3. (i) Sleak Teak builds yard furniture using hardwoods and (in a smaller shop)
handcrafted knick-knacks from the same sort of wood. The hardwood
usage in the two lines of product are
Yard Furniture: Y = 2 Ty - .001Ty2
Knick-knacks: Z = 20Tz - .01 Tz
2
where Y and Z are units of furniture and knick-knacks respectively. Ty and
Tz are the amounts of hardwood used in Y and Z production respectively.
Yard furniture can be sold at a profit (i.e., net of costs) of $100 per unit and
knick-knacks can be sold at a profit of $25 per unit. Sleak Teak has 1300
units of hardwood available that can be allocated between these two lines
of production.
(a) Using the Lagrangean Multiplier method, determine how should the
hardwood be allocated between the two lines of product so that total
profit can be maximized. Also calculate the optimal amounts of Y
and Z and total profit from each product line.

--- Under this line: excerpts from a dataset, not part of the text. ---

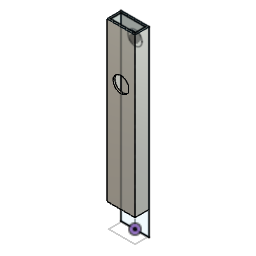
Intake+Support+arm (Autodesk Fusion 360 design; units mm, degrees)
Autodesk Fusion 360 part; units mm, degrees
sketch "Sketch1" plane through (0, 0, 0) normal (0, 0, 1) x (1, 0, 0)
  line L0 (0, 0) -> (0, 300.4312) construction
  circle A0 centre (0, 300.4312) radius 12.7
  line L1 (25.4, 0) -> (-25.4, 0)
  line L2 (-25.4, 0) -> (-25.4, 330.2)
  line L3 (-25.4, 330.2) -> (25.4, 330.2)
  line L4 (25.4, 330.2) -> (25.4, 0)
  dimension "d1" = 300.4312
  dimension "d2" = 25.4
  dimension "d3" = 50.8
  dimension "d4" = 330.2
  constraint coincident L0.start origin
  constraint vertical L0
  constraint coincident L0.end A0.centre
  constraint horizontal L1
  constraint vertical L2
  constraint horizontal L3
  constraint vertical L4
  constraint midpoint L0.start L1
  measures "d1" distance of L0.start L0.end
  measures "d2" diameter of A0
  measures "d3" distance of L1.start L1.end
  measures "d4" distance of L1.start L3.end
extrude "Extrude1" add sketch "Sketch1" along normal blind 25.4 contours A0 | L1 L2 L3 L4
sketch "Sketch2" plane through (0, 330.2, 0) normal (0, 1, 0) x (-1, 0, 0)
  line L0 (-25.4, 0) -> (25.4, 0)
  line L1 (25.4, 0) -> (25.4, 25.4)
  line L2 (25.4, 25.4) -> (-25.4, 25.4)
  line L3 (-25.4, 25.4) -> (-25.4, 0)
  line L4 (-22.225, 22.225) -> (-22.225, 3.175)
  line L5 (-22.225, 3.175) -> (22.225, 3.175)
  line L6 (22.225, 3.175) -> (22.225, 22.225)
  line L7 (22.225, 22.225) -> (-22.225, 22.225)
  dimension "d7" = -3.175
extrude "Extrude2" cut sketch "Sketch2" against normal up to surface (330.2 mm away) contours L4 L5 L6 L7
extrude "Extrude3" cut sketch "Sketch1" along normal blind 3.175 contours A0
move_face "OffsetFaces1" offset -43.4594 1 faces at (7.4083, 0, 1.0583)
sketch "Sketch3" plane through (0, 0, 0) normal (0, 0, 1) x (1, 0, 0)
  line L0 (-12.7, 300.4312) -> (-6.35, 289.4327) construction
  line L1 (-6.35, 289.4327) -> (6.35, 289.4327) construction
  line L2 (6.35, 289.4327) -> (12.7, 300.4312) construction
  line L3 (12.7, 300.4312) -> (6.35, 311.4297) construction
  line L4 (6.35, 311.4297) -> (-6.35, 311.4297) construction
  line L5 (-6.35, 311.4297) -> (-12.7, 300.4312) construction
  circle A0 centre (0, 300.4312) radius 30.48 construction
  circle A1 centre (0, 239.4712) radius 30.48 construction
  circle A2 centre (0, 239.4712) radius 14.2748
  point P0 (0, 300.4312)
  dimension "d19" = 12.7
  dimension "d20" = 60.96
  dimension "d21" = 60.96
  dimension "d22" = 28.5496
  constraint coincident P0 A0.centre
  constraint tangent A0 A1
  constraint concentric A1 A2
  measures "d19" distance of L0.start P0
  measures "d20" diameter of A0
  measures "d21" diameter of A1
  measures "d22" diameter of A2
extrude "Extrude5" cut sketch "Sketch3" along normal blind 50.8
component "Intake Support" placed x (1, 0, 0) y (0, 1, 0) z (0, 0, 1) at (0, 0, 0)
equation "d12 = -3 in + 1.289 in"
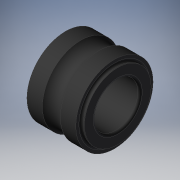
# Autodesk Inventor part: SKF_W 624 R_PART1
Saved by Autodesk Inventor 2019 (Build 230136000, 136)
## iProperties
Created: 2022-09-09
Part Number: SKF_W 624 R_PART1
Material: Generic
Catalog Web Link: www.cadenas.de
Description: -Deep groove ball bearings
Vendor: SKF
Document SubType Name: Modeling
Designer: psAdmin
Manufacturer: SKF
Mass: 3 g
Surface Area: 2.16794 cm^2
Volume: 0.113806 cm^3
Density: 1 g/cm^3
Appearance: PSOLRGB-175-175-175
Category: PARTsolutions
Company: SKF
Title: SKF_W 624 R_PART1
Author: Cadenas PARTsolutions
Comments: Deep groove ball bearings
PSOL_IDENT_0: {$CADENAS_DATA/23d-libs/skf/bearings_units_and_housings/ball_bearings/deep_groove_ball_bearings/bb1_
PSOL_IDENT_1: 001_101.prj},201 {VTYP=3D},{NB=SKF_W 624 R_PART1},{LINA=SKF_W 624 R_PART1},{NN=BB1_001_101_PART1},{N
PSOL_IDENT_2: OPRJ=TRUE},{DATE=04.08.2022 15:25:15},{GEOMDATE=04.07.2022 10:54:51},{VERSION=},{LINEID=21510},{WBVA
PSOL_IDENT_3: R=},{WBNUMERIC=}  {NB=SKF_W 624 R_PART1},{LINA=SKF_W 624 R_PART1},{KT=DUMMY},{DESIGNATION=W 624 R},{
PSOL_IDENT_4: R12=0.20},{DD=4.000},{D=13.000},{B=5.000},{C=},{CX=},{CXX=1},{CA=1.000},{XXVARIANT=Flanged outer rin
PSOL_IDENT_5: g},{XXDESIGN=Single row stainless steel},{XXSEALING=No seals},{DESIGN=dgbbwr2zs},{DESIGNIR=dgbbwr2zs
PSOL_IDENT_6: },{VARIANT=Flanged outer ring},{DD1=6.95},{DD2=6},{DD2X=},{DD2A=6.00},{D1=10.45},{D1X=0.00},{D2=11.3
PSOL_IDENT_7: 5},{D2A=11.35},{D3=15},{D3X=},{D3A=15.000},{D4=},{HH=0.000},{BB=0.000},{BBX=},{BBA=0.000},{FF=},{R0M
PSOL_IDENT_8: AX=0.000},{R0=0.000},{PITCH=8.70},{DW=2.381},{DDAMIN=5.600},{DDAMAX=0.000},{DDBMIN=0.000},{DDBMAX=0.
PSOL_IDENT_9: 000},{DBMIN=0.000},{DAMAX=0.000},{BBAMIN=0.000},{CAMAX=0.000},{RAMAX=0.200},{LOAD1=0.741},{LOAD2=0.2
PSOL_IDENT_10: 50},{LOAD3=0.011},{SPEED1=110000},{SPEED2=70000},{KR=0.030},{F0=6.400},{Z=7},{II=1},{MASS=0.003},{BE
PSOL_IDENT_11: ARING=W 624 R},{RING=},{HELP=1.275},{HELP2=0.825},{DD1ALG=3.475},{YALG=3.475},{PITCH1=8.700},{DW1=2.
PSOL_IDENT_12: 381},{YALG1=5.225},{HALG1=1.275},{SH=3.000},{CU=0.524},{HALG=1.475},{B1=-2.82145},{SHIELDHELP=1},{D4
PSOL_IDENT_13: A=0.000},{FFA=0.000},{RS1=},{HELP3=0}
NB: SKF_W 624 R_PART1
NT: Deep groove ball bearings
NBSYN: SKF_$DESIGNATION._PART1
LINA: SKF_W 624 R_PART1
CATALOG: SKF
DESIGNATION: W 624 R
R12: 0.2
DD: 4
D: 13
B: 5
XXVARIANT: Flanged outer ring
XXDESIGN: Single row stainless steel
XXSEALING: No seals
DD2: 6
D2: 11.35
LOAD1: 0.741
LOAD2: 0.25
LOAD3: 0.011
SPEED1: 110000
SPEED2: 70000
BEARING: W 624 R
SUPPLIER: SKF
ARTICLENO: SKF_W 624 R_PART1
BOMINFO: SKF_W 624 R_PART1
CREATOR: CADENAS GmbH
Autodesk Inventor part; units mm, degrees
ref_plane "YZ Plane" through (0, 0, 0) normal (1, 0, 0) x (0, 1, 0)
ref_plane "XZ Plane" through (0, 0, 0) normal (0, 1, 0) x (-1, 0, 0)
ref_plane "XY Plane" through (0, 0, 0) normal (0, 0, 1) x (1, 0, 0)
sketch "Sketch_40" plane through (0, 0, 0) normal (0, 0, 1) x (1, 0, 0)
  line L0 (2.5, 0) -> (-2.5, 0)
  line L1 (0, 3.425) -> (0, 2.2)
  arc A0 (0, 2.2) -> (0.2, 2) centre (0.2, 2.2) ccw
  line L2 (0.2, 2) -> (4.8, 2)
  arc A1 (4.8, 2) -> (5, 2.2) centre (4.8, 2.2) ccw
  line L3 (5, 2.2) -> (5, 3.425)
  arc A2 (5, 3.425) -> (4.95, 3.475) centre (4.95, 3.425) ccw
  line L4 (4.95, 3.475) -> (3.3073, 3.475)
  arc A3 (1.6927, 3.475) -> (3.3073, 3.475) centre (2.5, 4.35) ccw
  line L5 (1.6927, 3.475) -> (0.05, 3.475)
  arc A4 (0.05, 3.475) -> (0, 3.425) centre (0.05, 3.425) ccw
  constraints: 12 end point, 10 point on circle, 5 centre point
revolve "Revolution1" add sketch "Sketch_40" angle 360 about axis through (2.5, 0, 0) along (1, 0, 0)
sketch "Sketch_42" plane through (0, 0, 0) normal (0, 0, 1) x (1, 0, 0)
  line L0 (2.5, 0) -> (-2.5, 0)
  line L1 (0, 7.35) -> (0, 3)
  line L2 (0, 3) -> (0.1, 3)
  arc A0 (0.1, 3) -> (0.3, 3.2) centre (0.1, 3.2) ccw
  line L3 (0.3, 3.2) -> (0.3, 7.15)
  line L4 (0.3, 7.15) -> (4.7, 7.15)
  line L5 (4.7, 7.15) -> (4.7, 3.2)
  arc A1 (4.7, 3.2) -> (4.9, 3) centre (4.9, 3.2) ccw
  line L6 (4.9, 3) -> (5, 3)
  line L7 (5, 3) -> (5, 7.35)
  line L8 (5, 7.35) -> (0, 7.35)
  constraints: 18 end point, 4 point on circle, 2 centre point
revolve "Revolution2" cut sketch "Sketch_42" angle 360 about axis through (2.5, 0, 0) along (1, 0, 0)
body "Solid1"

(b) Using Excel Solver verify your answers to (a) above.
(Show your work.)
To solve this problem using the Lagrangean Multiplier method, we need to set up the following equation:
Maximize: Profit = 100Y + 25Z
Subject to: constraint1: Ty + Tz = 1300
constraint2: Y = 2Ty - 0.001Ty^2
constraint3: Z = 20Tz - 0.01Tz^2
Let's solve this step by step:
Step 1: Define the Lagrangean function.
L = Profit - λ1(constraint1) - λ2(constraint2) - λ3(constraint3)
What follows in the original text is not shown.